Can Dündar hat mit „Die rissige Brücke über den Bosporus“ das Buch der Stunde geschrieben. Der international ausgezeichnete, in seiner Heimat verfemte Journalist blickt zurück auf 100 Jahre Türkische Republik und gibt einen Ausblick auf die Zukunft des Landes. Es ist eine dramatische Geschichte von Unterdrückung und Gewalt, von gesellschaftlichen Reformen im Eiltempo, immer neuen Parteiverboten, Militärputschen und politischem Widerstand. 

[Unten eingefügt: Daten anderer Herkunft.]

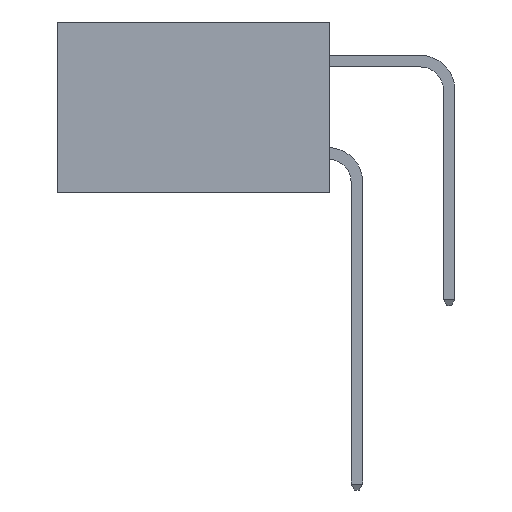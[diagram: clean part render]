
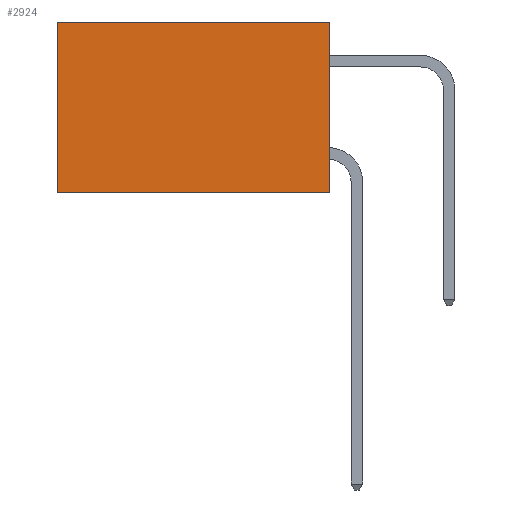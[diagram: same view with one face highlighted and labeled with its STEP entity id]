
A CAD part, left-side view. The second image highlights one B-rep face of the part: STEP entity #2924.
In plain terms, the highlighted planar face has unit normal (-1, 0, 0).
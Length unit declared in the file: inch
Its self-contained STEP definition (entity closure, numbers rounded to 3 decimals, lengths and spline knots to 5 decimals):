
#716 = LINE ( 'NONE', #3516, #5560 ) ;
#955 = DIRECTION ( 'NONE',  ( 0., 0., -1. ) ) ;
#1082 = CARTESIAN_POINT ( 'NONE',  ( 0.277, 0., 0. ) ) ;
#1461 = EDGE_CURVE ( 'NONE', #5236, #3736, #11638, .T. ) ;
#1536 = ORIENTED_EDGE ( 'NONE', *, *, #1461, .F. ) ;
#2566 = ORIENTED_EDGE ( 'NONE', *, *, #4755, .T. ) ;
#2849 = VERTEX_POINT ( 'NONE', #6496 ) ;
#2924 = ADVANCED_FACE ( 'NONE', ( #11085 ), #9685, .F. ) ;
#3191 = CARTESIAN_POINT ( 'NONE',  ( 0.277, 0., -0.37 ) ) ;
#3233 = DIRECTION ( 'NONE',  ( 0., 1., 0. ) ) ;
#3516 = CARTESIAN_POINT ( 'NONE',  ( 0.277, 0., 0. ) ) ;
#3736 = VERTEX_POINT ( 'NONE', #8919 ) ;
#3894 = VERTEX_POINT ( 'NONE', #1082 ) ;
#4217 = EDGE_CURVE ( 'NONE', #3894, #2849, #716, .T. ) ;
#4294 = DIRECTION ( 'NONE',  ( 0., 0., -1. ) ) ;
#4755 = EDGE_CURVE ( 'NONE', #2849, #3736, #11399, .T. ) ;
#4756 = DIRECTION ( 'NONE',  ( 0., 0., -1. ) ) ;
#5236 = VERTEX_POINT ( 'NONE', #11448 ) ;
#5560 = VECTOR ( 'NONE', #9143, 39.37008 ) ;
#6024 = EDGE_LOOP ( 'NONE', ( #2566, #1536, #9412, #7235 ) ) ;
#6496 = CARTESIAN_POINT ( 'NONE',  ( 0.277, 0.59, 0. ) ) ;
#6615 = DIRECTION ( 'NONE',  ( 1., 0., 0. ) ) ;
#6864 = EDGE_CURVE ( 'NONE', #3894, #5236, #10866, .T. ) ;
#7235 = ORIENTED_EDGE ( 'NONE', *, *, #4217, .T. ) ;
#7260 = AXIS2_PLACEMENT_3D ( 'NONE', #9995, #6615, #4756 ) ;
#8229 = VECTOR ( 'NONE', #955, 39.37008 ) ;
#8919 = CARTESIAN_POINT ( 'NONE',  ( 0.277, 0.59, -0.37 ) ) ;
#9143 = DIRECTION ( 'NONE',  ( 0., 1., 0. ) ) ;
#9412 = ORIENTED_EDGE ( 'NONE', *, *, #6864, .F. ) ;
#9428 = VECTOR ( 'NONE', #3233, 39.37008 ) ;
#9685 = PLANE ( 'NONE',  #7260 ) ;
#9995 = CARTESIAN_POINT ( 'NONE',  ( 0.277, 0., -0.37 ) ) ;
#10723 = CARTESIAN_POINT ( 'NONE',  ( 0.277, 0.59, -0.37 ) ) ;
#10866 = LINE ( 'NONE', #11972, #8229 ) ;
#11085 = FACE_OUTER_BOUND ( 'NONE', #6024, .T. ) ;
#11137 = VECTOR ( 'NONE', #4294, 39.37008 ) ;
#11399 = LINE ( 'NONE', #10723, #11137 ) ;
#11448 = CARTESIAN_POINT ( 'NONE',  ( 0.277, 0., -0.37 ) ) ;
#11638 = LINE ( 'NONE', #3191, #9428 ) ;
#11972 = CARTESIAN_POINT ( 'NONE',  ( 0.277, 0., -0.37 ) ) ;
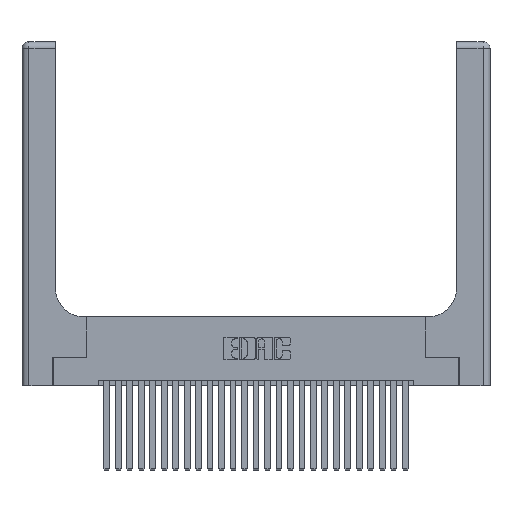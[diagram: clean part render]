
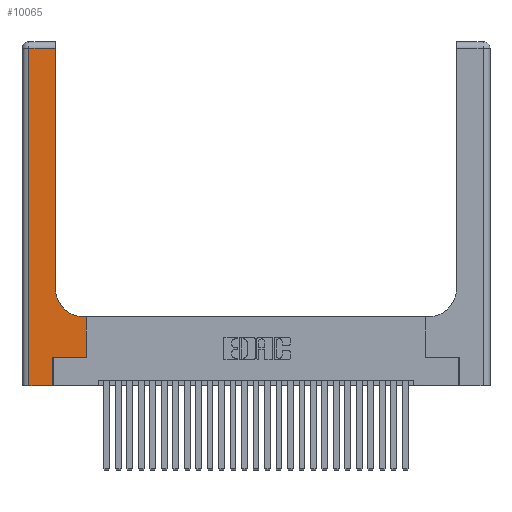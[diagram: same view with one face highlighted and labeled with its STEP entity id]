
A CAD part, top view. The second image highlights one B-rep face of the part: STEP entity #10065.
In plain terms, the highlighted planar face has unit normal (0, 0, 1).
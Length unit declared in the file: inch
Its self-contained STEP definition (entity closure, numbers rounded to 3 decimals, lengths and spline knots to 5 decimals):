
#229 = VERTEX_POINT ( 'NONE', #27348 ) ;
#466 = CARTESIAN_POINT ( 'NONE',  ( 0.269, 0., 0.37 ) ) ;
#570 = AXIS2_PLACEMENT_3D ( 'NONE', #19030, #5917, #21131 ) ;
#973 = LINE ( 'NONE', #18431, #23610 ) ;
#1056 = DIRECTION ( 'NONE',  ( 0., 1., 0. ) ) ;
#1150 = ORIENTED_EDGE ( 'NONE', *, *, #15504, .T. ) ;
#1578 = EDGE_CURVE ( 'NONE', #24084, #18993, #9985, .T. ) ;
#2184 = DIRECTION ( 'NONE',  ( 0., 0., -1. ) ) ;
#2525 = VERTEX_POINT ( 'NONE', #466 ) ;
#3880 = ORIENTED_EDGE ( 'NONE', *, *, #27745, .T. ) ;
#3969 = DIRECTION ( 'NONE',  ( 0., 1., 0. ) ) ;
#4430 = EDGE_CURVE ( 'NONE', #11971, #19254, #973, .T. ) ;
#4589 = VECTOR ( 'NONE', #25463, 39.37008 ) ;
#5917 = DIRECTION ( 'NONE',  ( 0., 0., -1. ) ) ;
#6012 = DIRECTION ( 'NONE',  ( 0., 1., 0. ) ) ;
#6155 = CARTESIAN_POINT ( 'NONE',  ( 0.5585, 0.25, 0.37 ) ) ;
#6886 = EDGE_LOOP ( 'NONE', ( #20039, #14225, #15555, #24863, #17990, #14328, #7619, #1150, #3880 ) ) ;
#7345 = VECTOR ( 'NONE', #1056, 39.37008 ) ;
#7619 = ORIENTED_EDGE ( 'NONE', *, *, #23731, .T. ) ;
#9127 = LINE ( 'NONE', #21754, #24862 ) ;
#9132 = LINE ( 'NONE', #6155, #25536 ) ;
#9709 = DIRECTION ( 'NONE',  ( 0., -1., 0. ) ) ;
#9985 = LINE ( 'NONE', #25466, #27654 ) ;
#10065 = ADVANCED_FACE ( 'NONE', ( #17483 ), #26066, .F. ) ;
#10351 = CARTESIAN_POINT ( 'NONE',  ( 0.5585, 0.6, 0.37 ) ) ;
#10888 = VECTOR ( 'NONE', #21321, 39.37008 ) ;
#11915 = CARTESIAN_POINT ( 'NONE',  ( 0.2915, 0.85, 0.37 ) ) ;
#11971 = VERTEX_POINT ( 'NONE', #19623 ) ;
#12785 = CARTESIAN_POINT ( 'NONE',  ( 0.5415, 0.6, 0.37 ) ) ;
#13074 = CARTESIAN_POINT ( 'NONE',  ( 0., 0., 0.37 ) ) ;
#13097 = VERTEX_POINT ( 'NONE', #12785 ) ;
#13257 = LINE ( 'NONE', #16658, #7345 ) ;
#14225 = ORIENTED_EDGE ( 'NONE', *, *, #16273, .T. ) ;
#14328 = ORIENTED_EDGE ( 'NONE', *, *, #27820, .T. ) ;
#14448 = VECTOR ( 'NONE', #17421, 39.37008 ) ;
#15504 = EDGE_CURVE ( 'NONE', #17314, #13097, #22275, .T. ) ;
#15509 = CARTESIAN_POINT ( 'NONE',  ( 0., 3., 0.37 ) ) ;
#15555 = ORIENTED_EDGE ( 'NONE', *, *, #4430, .T. ) ;
#16222 = VERTEX_POINT ( 'NONE', #17338 ) ;
#16273 = EDGE_CURVE ( 'NONE', #18993, #11971, #9127, .T. ) ;
#16658 = CARTESIAN_POINT ( 'NONE',  ( 0.269, 0., 0.37 ) ) ;
#17084 = CARTESIAN_POINT ( 'NONE',  ( 0.269, 0.25, 0.37 ) ) ;
#17314 = VERTEX_POINT ( 'NONE', #10351 ) ;
#17338 = CARTESIAN_POINT ( 'NONE',  ( 0.269, 0.25, 0.37 ) ) ;
#17421 = DIRECTION ( 'NONE',  ( 1., 0., 0. ) ) ;
#17483 = FACE_OUTER_BOUND ( 'NONE', #6886, .T. ) ;
#17701 = DIRECTION ( 'NONE',  ( -1., 0., 0. ) ) ;
#17990 = ORIENTED_EDGE ( 'NONE', *, *, #23566, .T. ) ;
#18431 = CARTESIAN_POINT ( 'NONE',  ( 0.06, 3., 0.37 ) ) ;
#18466 = CARTESIAN_POINT ( 'NONE',  ( 0.2915, 2.94, 0.37 ) ) ;
#18993 = VERTEX_POINT ( 'NONE', #18466 ) ;
#19030 = CARTESIAN_POINT ( 'NONE',  ( 0.5415, 0.85, 0.37 ) ) ;
#19223 = CARTESIAN_POINT ( 'NONE',  ( 0.2915, 0.6, 0.37 ) ) ;
#19254 = VERTEX_POINT ( 'NONE', #23219 ) ;
#19372 = EDGE_CURVE ( 'NONE', #19254, #2525, #20135, .T. ) ;
#19623 = CARTESIAN_POINT ( 'NONE',  ( 0.06, 2.94, 0.37 ) ) ;
#20039 = ORIENTED_EDGE ( 'NONE', *, *, #1578, .T. ) ;
#20135 = LINE ( 'NONE', #13074, #14448 ) ;
#20730 = AXIS2_PLACEMENT_3D ( 'NONE', #15509, #2184, #17701 ) ;
#21131 = DIRECTION ( 'NONE',  ( 1., 0., 0. ) ) ;
#21321 = DIRECTION ( 'NONE',  ( -1., 0., 0. ) ) ;
#21754 = CARTESIAN_POINT ( 'NONE',  ( 0., 2.94, 0.37 ) ) ;
#22275 = LINE ( 'NONE', #19223, #10888 ) ;
#23219 = CARTESIAN_POINT ( 'NONE',  ( 0.06, 0., 0.37 ) ) ;
#23290 = CIRCLE ( 'NONE', #570, 0.25 ) ;
#23566 = EDGE_CURVE ( 'NONE', #2525, #16222, #13257, .T. ) ;
#23610 = VECTOR ( 'NONE', #9709, 39.37008 ) ;
#23731 = EDGE_CURVE ( 'NONE', #229, #17314, #9132, .T. ) ;
#24084 = VERTEX_POINT ( 'NONE', #11915 ) ;
#24862 = VECTOR ( 'NONE', #25886, 39.37008 ) ;
#24863 = ORIENTED_EDGE ( 'NONE', *, *, #19372, .T. ) ;
#25463 = DIRECTION ( 'NONE',  ( 1., 0., 0. ) ) ;
#25466 = CARTESIAN_POINT ( 'NONE',  ( 0.2915, 3., 0.37 ) ) ;
#25536 = VECTOR ( 'NONE', #3969, 39.37008 ) ;
#25886 = DIRECTION ( 'NONE',  ( -1., 0., 0. ) ) ;
#26066 = PLANE ( 'NONE',  #20730 ) ;
#26900 = LINE ( 'NONE', #17084, #4589 ) ;
#27348 = CARTESIAN_POINT ( 'NONE',  ( 0.5585, 0.25, 0.37 ) ) ;
#27654 = VECTOR ( 'NONE', #6012, 39.37008 ) ;
#27745 = EDGE_CURVE ( 'NONE', #13097, #24084, #23290, .T. ) ;
#27820 = EDGE_CURVE ( 'NONE', #16222, #229, #26900, .T. ) ;

Can Dündar arbeitet seit 1979 als Journalist und hat viele Ereignisse aus seinem Buch selbst miterlebt. Nach seinen Berichten über Waffenlieferungen des türkischen Geheimdiensts an islamistische Terrorbanden in Syrien wurde der Cumhuriyet-Chefredakteur als „Terrorist“ diffamiert und verfolgt, wegen Spionage und Verrats von Staatsgeheimnissen in Abwesenheit zu über 27 Jahren Haft verurteilt, und es wurde ein Mordanschlag auf ihn verübt. Seit sieben Jahren lebt Can Dündar in Berlin im Exil. Geschickt und gut zu lesen, lässt er seine persönlichen Geschichten in die große Historie und politische Analyse einfließen.

Die Revolution von oben

Aus den Trümmern des Osmanischen Reiches, das im Ersten Weltkrieg besiegt worden war, hat Mustafa Kemal 1923 die Türkische Republik gegründet. Es sollte ein neuer, moderner, säkularer Staat werden. Die diktierten gesellschaftlichen Reformen waren mit der Übernahme europäischer Rechtssysteme, Einführung der lateinischen Schrift und des europäischen Kalenders sowie der Gleichstellung der Geschlechter gewaltig. Mit Erlass des Familiengesetzes nahm Mustafa Kemal den Namen Atatürk an, „Vater der Türken“. 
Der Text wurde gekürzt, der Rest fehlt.